# few better Peacock pics



## Peacock (Feb 23, 2004)

i love walking around just knowing that Back home in my garage there is a 2000g indoor pond housing some of the worlds rarest cichlids.... wee hhaaa allmost complete!


































here is a pic i took by putting a 10 gallon under the water and sticking the cam in it.. i got a few pics but i need photoshop to brighten them up.. Anyone want to do this for me? i reformated my comp and lost it


----------



## MR HARLEY (Aug 12, 2003)

I love seeing new pics everyday of your gourgeous specimens.....





























Thanks for sharing


----------



## Peacock (Feb 23, 2004)

thanks man. these fish rock fosho..

very docile (so far) and tame. they let me look right over them and everything, not to scared.


----------



## Mr. Hannibal (Feb 21, 2003)

looking nice man...congrats :nod: !


----------



## piranha45 (Apr 8, 2003)

excellent fish. Too bad the pond has no side viewing windows. Side shots do a much better job of displaying the beautiful, powerful bodies these fish have. At long last though, they are in a deserving habitat.


----------



## Novato (Jan 25, 2004)

Incredible!


----------



## Atlanta Braves Baby! (Mar 12, 2003)

Damn must be sweet!


----------



## DiXoN (Jan 31, 2003)

nice i love p-bass (the fish that is not neal)
dixon


----------



## losts0ul916 (Nov 19, 2003)

Looking good there dude.


----------



## Grosse Gurke (Jan 3, 2003)

Beautiful, just amazing.


----------



## acestro (Jul 7, 2003)

Just incredible Peacock, that's a dream set-up.
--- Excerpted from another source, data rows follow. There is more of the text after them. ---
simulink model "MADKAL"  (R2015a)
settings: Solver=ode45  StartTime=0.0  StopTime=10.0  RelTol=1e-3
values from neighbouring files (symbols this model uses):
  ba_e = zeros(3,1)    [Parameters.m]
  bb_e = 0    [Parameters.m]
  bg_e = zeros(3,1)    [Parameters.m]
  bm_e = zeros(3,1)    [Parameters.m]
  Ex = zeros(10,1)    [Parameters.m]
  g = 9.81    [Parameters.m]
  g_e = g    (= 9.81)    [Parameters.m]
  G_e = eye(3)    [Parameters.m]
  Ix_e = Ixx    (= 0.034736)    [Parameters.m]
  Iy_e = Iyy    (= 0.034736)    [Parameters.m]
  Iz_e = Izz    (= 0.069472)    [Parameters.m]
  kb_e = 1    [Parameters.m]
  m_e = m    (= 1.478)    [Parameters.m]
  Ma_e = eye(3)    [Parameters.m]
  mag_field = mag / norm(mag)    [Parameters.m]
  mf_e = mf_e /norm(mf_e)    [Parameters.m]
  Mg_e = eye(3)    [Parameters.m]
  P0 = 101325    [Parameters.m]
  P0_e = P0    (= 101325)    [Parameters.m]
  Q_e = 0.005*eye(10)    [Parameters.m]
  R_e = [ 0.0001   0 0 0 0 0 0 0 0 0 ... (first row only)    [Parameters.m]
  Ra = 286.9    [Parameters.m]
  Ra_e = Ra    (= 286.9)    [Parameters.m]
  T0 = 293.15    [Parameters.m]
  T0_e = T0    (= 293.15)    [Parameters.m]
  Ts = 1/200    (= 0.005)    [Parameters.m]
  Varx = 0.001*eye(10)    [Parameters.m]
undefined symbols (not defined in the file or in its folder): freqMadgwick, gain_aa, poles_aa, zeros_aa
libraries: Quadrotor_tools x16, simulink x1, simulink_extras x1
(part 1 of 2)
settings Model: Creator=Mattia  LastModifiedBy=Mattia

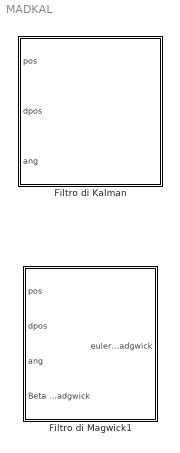
== system MADKAL ==
  Filtro di Kalman : Subsystem
  Filtro di Magwick1 : Subsystem

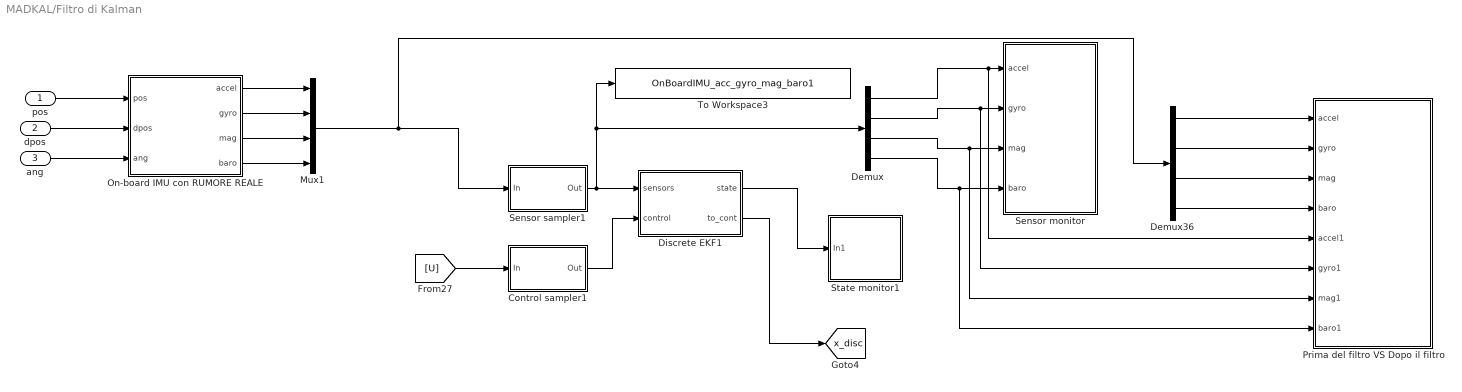
== system MADKAL/Filtro di Kalman ==
  pos : Inport
  dpos : Inport  Port=2
  ang : Inport  Port=3
  Control sampler1 : Subsystem
  Demux : Demux  Outputs=[3 3 3 1]
  Demux36 : Demux  Outputs=[3 3 3 1]
  Discrete EKF1 : Subsystem
  Mux1 : Mux
  On-board IMU con RUMORE REALE : Subsystem
  Prima del filtro VS Dopo il filtro : Subsystem
  Sensor monitor : Subsystem
  Sensor sampler1 : Subsystem
  State monitor1 : Subsystem
  To Workspace3 : ToWorkspace  VariableName=OnBoardIMU_acc_gyro_mag_baro1  SaveFormat=Timeseries  SampleTime=-1
  tag scope: x_disc=global
  wires:
  Demux36/4 -> Prima del filtro VS Dopo il filtro/4(baro)
  Demux36/1 -> Prima del filtro VS Dopo il filtro/1(accel)
  Demux36/2 -> Prima del filtro VS Dopo il filtro/2(gyro)
  Demux36/3 -> Prima del filtro VS Dopo il filtro/3(mag)
  Sensor sampler1/1(Out) -> Discrete EKF1/1(sensors), Demux/1, To Workspace3/1
  [U] -> Control sampler1/1(In)
  Control sampler1/1(Out) -> Discrete EKF1/2(control)
  Demux/1 -> Prima del filtro VS Dopo il filtro/5(accel1), Sensor monitor/1(accel)
  Demux/2 -> Prima del filtro VS Dopo il filtro/6(gyro1), Sensor monitor/2(gyro)
  On-board IMU con RUMORE REALE/1(accel) -> Mux1/1
  Demux/3 -> Prima del filtro VS Dopo il filtro/7(mag1), Sensor monitor/3(mag)
  On-board IMU con RUMORE REALE/4(baro) -> Mux1/4
  On-board IMU con RUMORE REALE/3(mag) -> Mux1/3
  On-board IMU con RUMORE REALE/2(gyro) -> Mux1/2
  Demux/4 -> Prima del filtro VS Dopo il filtro/8(baro1), Sensor monitor/4(baro)
  dpos/1 -> On-board IMU con RUMORE REALE/2(dpos)
  pos/1 -> On-board IMU con RUMORE REALE/1(pos)
  ang/1 -> On-board IMU con RUMORE REALE/3(ang)
  Discrete EKF1/1(state) -> State monitor1/1(In1)
  Discrete EKF1/2("to_cont ") -> [x_disc]
  Mux1/1 -> Sensor sampler1/1(In), Demux36/1

== system MADKAL/Filtro di Magwick1 ==
  pos : Inport
  dpos : Inport  Port=2
  ang : Inport  Port=3
  Beta Madgwick : Inport  Port=4
  Demux11 : Demux  Outputs=[3 3 3 1]
  Madgwickcodice OK2 : Subsystem
  Mux10 : Mux
  On-board IMUcon RUMORE REALE : Subsystem
  Sensor monitor1 : Subsystem
  To Workspace1 : ToWorkspace  VariableName=OnBoardIMU_acc_gyro_mag_baroXX  SaveFormat=Timeseries  SampleTime=-1
  eulero Madgwick : Outport
  wires:
  pos/1 -> On-board IMUcon RUMORE REALE/1(pos)
  ang/1 -> On-board IMUcon RUMORE REALE/3(ang)
  dpos/1 -> On-board IMUcon RUMORE REALE/2(dpos)
  Demux11/4 -> Sensor monitor1/4(baro)
  Demux11/2 -> Sensor monitor1/2(gyro)
  On-board IMUcon RUMORE REALE/1(accel) -> Mux10/1
  Demux11/1 -> Sensor monitor1/1(accel)
  On-board IMUcon RUMORE REALE/3(mag) -> Mux10/3
  On-board IMUcon RUMORE REALE/2(gyro) -> Mux10/2
  Demux11/3 -> Sensor monitor1/3(mag)
  On-board IMUcon RUMORE REALE/4(baro) -> Mux10/4
  Beta Madgwick/1 -> Madgwickcodice OK2/2(Beta Madgwick)
  Madgwickcodice OK2/1(eulerMadgwick) -> eulero Madgwick/1
  Mux10/1 -> To Workspace1/1, Demux11/1, Madgwickcodice OK2/1(In)

== system MADKAL/Filtro di Kalman/Control sampler1 ==
  In : Inport
  Anti-aliasing : Subsystem
  Rate Transition : RateTransition  OutPortSampleTime=Ts
  Out : Outport
  wires:
  Anti-aliasing/1(Out1) -> Rate Transition/1
  In/1 -> Anti-aliasing/1(In1)
  Rate Transition/1 -> Out/1

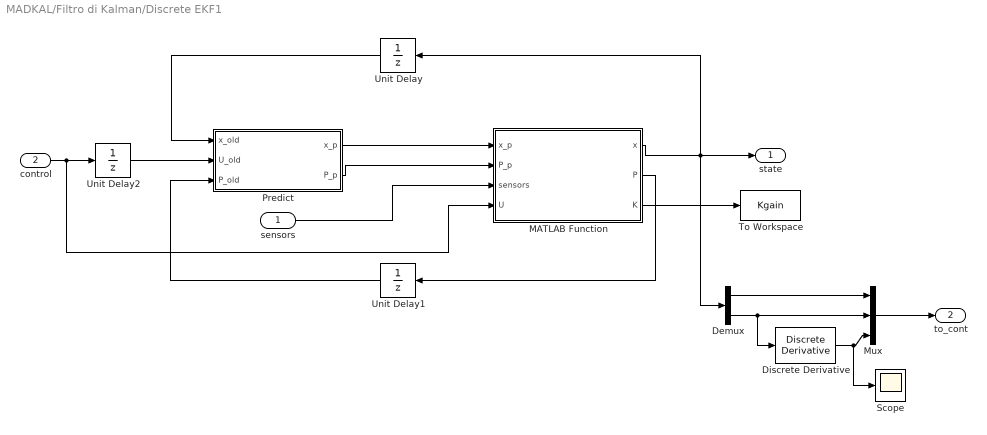
== system MADKAL/Filtro di Kalman/Discrete EKF1 ==
  sensors : Inport
  control : Inport  Port=2
  Demux : Demux  Outputs=[9 1]
  Discrete Derivative : simulink/Discrete/Discrete Derivative  gainval=1.0  ICPrevScaledInput=0.0  InputProcessing=Inherited  OutMin=[]  OutMax=[]  OutDataType=fixdt(1, 16)  OutScaling=2^-10  DoSatur=off
  MATLAB Function : MATLAB Function  TreatAsAtomicUnit=on
  Mux : Mux  Inputs=3
  "Predict " : MATLAB Function  TreatAsAtomicUnit=on
  Scope : Scope
      settings: SaveName=ScopeData20
  To Workspace : ToWorkspace  VariableName=Kgain  SaveFormat=Timeseries  SampleTime=-1
  Unit Delay : UnitDelay  InitialCondition=Ex  SampleTime=Ts
  Unit Delay1 : UnitDelay  InitialCondition=Varx  SampleTime=Ts
  Unit Delay2 : UnitDelay  InitialCondition=[g_e*m_e; 0; 0; 0]  SampleTime=Ts
  state : Outport
  "to_cont " : Outport  Port=2
  wires:
  "Predict "/2(P_p) -> MATLAB Function/2(P_p)
  sensors/1 -> MATLAB Function/3(sensors)
  MATLAB Function/1(x) -> Demux/1, state/1, Unit Delay/1
  Unit Delay/1 -> "Predict "/1(x_old)
  MATLAB Function/2(P) -> Unit Delay1/1
  Unit Delay1/1 -> "Predict "/3(P_old)
  control/1 -> MATLAB Function/4(U), Unit Delay2/1
  Unit Delay2/1 -> "Predict "/2(U_old)
  "Predict "/1(x_p) -> MATLAB Function/1(x_p)
  MATLAB Function/3(K) -> To Workspace/1
  Demux/1 -> Mux/1
  Mux/1 -> "to_cont "/1
  Demux/2 -> Discrete Derivative/1, Mux/2
  Discrete Derivative/1 -> Scope/1, Mux/3

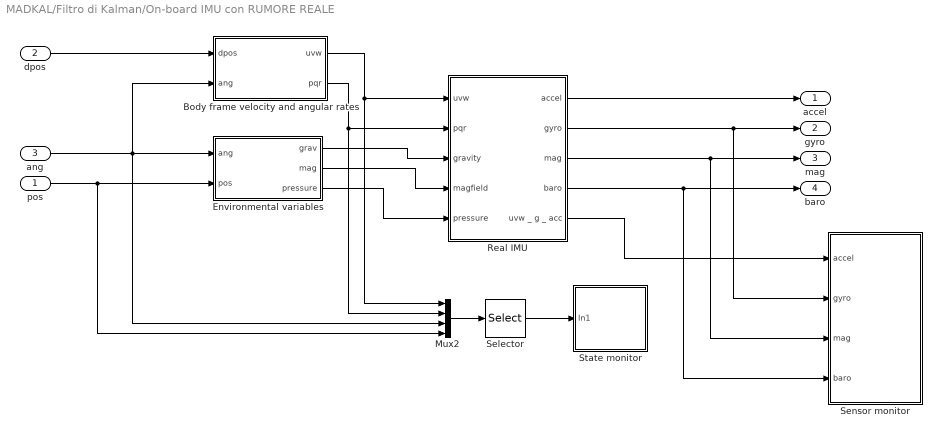
== system MADKAL/Filtro di Kalman/On-board IMU con RUMORE REALE ==
  pos : Inport
  dpos : Inport  Port=2
  ang : Inport  Port=3
  Body frame velocity and angular rates : Subsystem
  Environmental variables : Subsystem
  Mux2 : Mux
  Real IMU : Subsystem
  Selector : Selector  InputPortWidth=12  Indices=[1 2 3 4 5 6 7 8 9 12]
  Sensor monitor : Subsystem
  State monitor : Subsystem
  accel : Outport
  gyro : Outport  Port=2
  mag : Outport  Port=3
  baro : Outport  Port=4
  wires:
  Body frame velocity and angular rates/2(pqr) -> Mux2/2, Real IMU/2(pqr)
  Body frame velocity and angular rates/1(uvw) -> Mux2/1, Real IMU/1(uvw)
  Environmental variables/1(grav) -> Real IMU/3(gravity)
  Environmental variables/2(mag) -> Real IMU/4(magfield)
  Environmental variables/3(pressure) -> Real IMU/5(pressure)
  Mux2/1 -> Selector/1
  Selector/1 -> State monitor/1(In1)
  Real IMU/4(baro) -> Sensor monitor/4(baro), baro/1
  Real IMU/3(mag) -> Sensor monitor/3(mag), mag/1
  Real IMU/2(gyro) -> gyro/1, Sensor monitor/2(gyro)
  Real IMU/1(accel) -> accel/1
  pos/1 -> Mux2/4, Environmental variables/2(pos)
  dpos/1 -> Body frame velocity and angular rates/1(dpos)
  ang/1 -> Body frame velocity and angular rates/2(ang), Mux2/3, Environmental variables/1(ang)
  Real IMU/5(uvw _ g _ acc) -> Sensor monitor/1(accel)

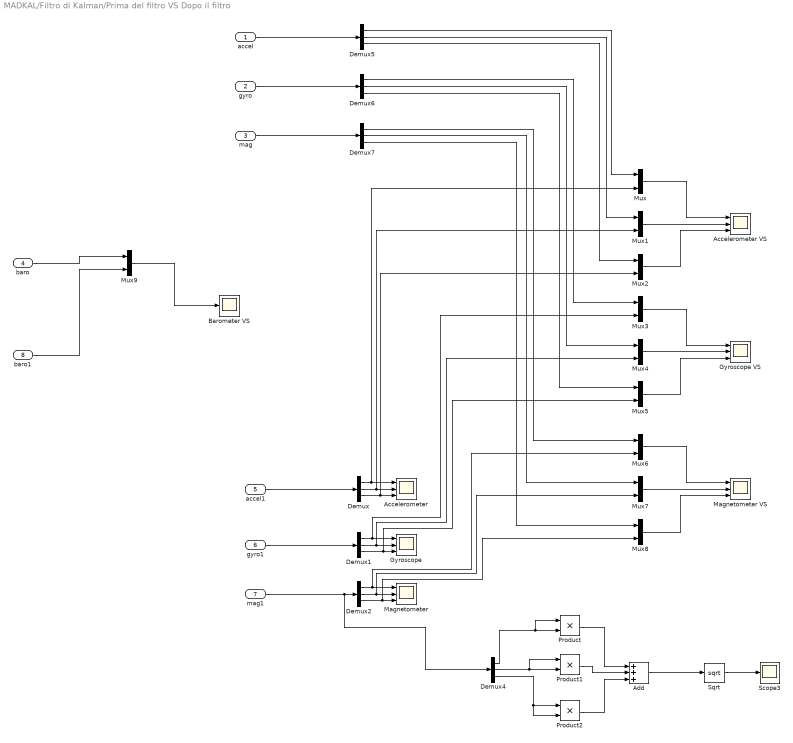
== system MADKAL/Filtro di Kalman/Prima del filtro VS Dopo il filtro ==
  accel : Inport
  gyro : Inport  Port=2
  mag : Inport  Port=3
  baro : Inport  Port=4
  accel1 : Inport  Port=5
  gyro1 : Inport  Port=6
  mag1 : Inport  Port=7
  baro1 : Inport  Port=8
  Accelerometer : Scope  NumInputPorts=3
      settings: YMin=-0.45~-0.4~9.35  YMax=0.4~0.45~10.25  SaveName=ScopeData16
  Accelerometer VS : Scope  NumInputPorts=3
      settings: YMin=-0.45~-0.4~9.35  YMax=0.4~0.45~10.25  SaveName=ScopeData110
  Add : Sum  Inputs=+++
  Barometer VS : Scope
      settings: YMin=-0.45  YMax=0.4  SaveName=ScopeData113
  Demux{,1..2,4..7} (7 alike) : Demux  Outputs=3
  Gyroscope : Scope  NumInputPorts=3
      settings: YMin=-5~-5~-5  YMax=5~5~5  SaveName=ScopeData17
  Gyroscope VS : Scope  NumInputPorts=3
      settings: YMin=-0.45~-0.4~9.35  YMax=0.4~0.45~10.25  SaveName=ScopeData111
  Magnetometer : Scope  NumInputPorts=3
      settings: YMin=-5~-5~-5  YMax=5~5~5  SaveName=ScopeData18
  Magnetometer VS : Scope  NumInputPorts=3
      settings: YMin=-0.45~-0.4~9.35  YMax=0.4~0.45~10.25  SaveName=ScopeData112
  Mux{,1..9} (10 alike) : Mux  Inputs=2
  Product : Product
  Product1 : Product
  Product2 : Product
  Scope3 : Scope
      settings: SaveName=ScopeData103
  Sqrt : Sqrt  SaturateOnIntegerOverflow=on
  wires:
  Demux/3 -> Mux2/2, Accelerometer/3
  Demux/2 -> Mux1/2, Accelerometer/2
  Demux/1 -> Mux/2, Accelerometer/1
  accel1/1 -> Demux/1
  Demux1/3 -> Mux5/2, Gyroscope/3
  Demux1/2 -> Mux4/2, Gyroscope/2
  Demux1/1 -> Mux3/2, Gyroscope/1
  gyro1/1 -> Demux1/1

Where did you get that pond set-up/what was the cost? (the last thread got derailed).

Also, what are you feeding these guys (not hot dogs I hope :laugh: )?

Seriously, it's cool to see dreams like this come true!


----------



## B. Scott (Apr 24, 2003)

acestro said:


> Also, what are you feeding these guys (not hot dogs I hope :laugh: )?


 LOL......


----------



## Peacock (Feb 23, 2004)

acestro said:


> Just incredible Peacock, that's a dream set-up.
> 
> Where did you get that pond set-up/what was the cost? (the last thread got derailed).
> 
> ...


 these guys are eating live foods.. only the small one is eating readily.. ill try the other 2 tonight and see if they take.. the little one is hitting fish the second they hit the water, just like my monoculus!! its AWSOME! i cant wait untill the larger guys start pounding sh*t down.!!!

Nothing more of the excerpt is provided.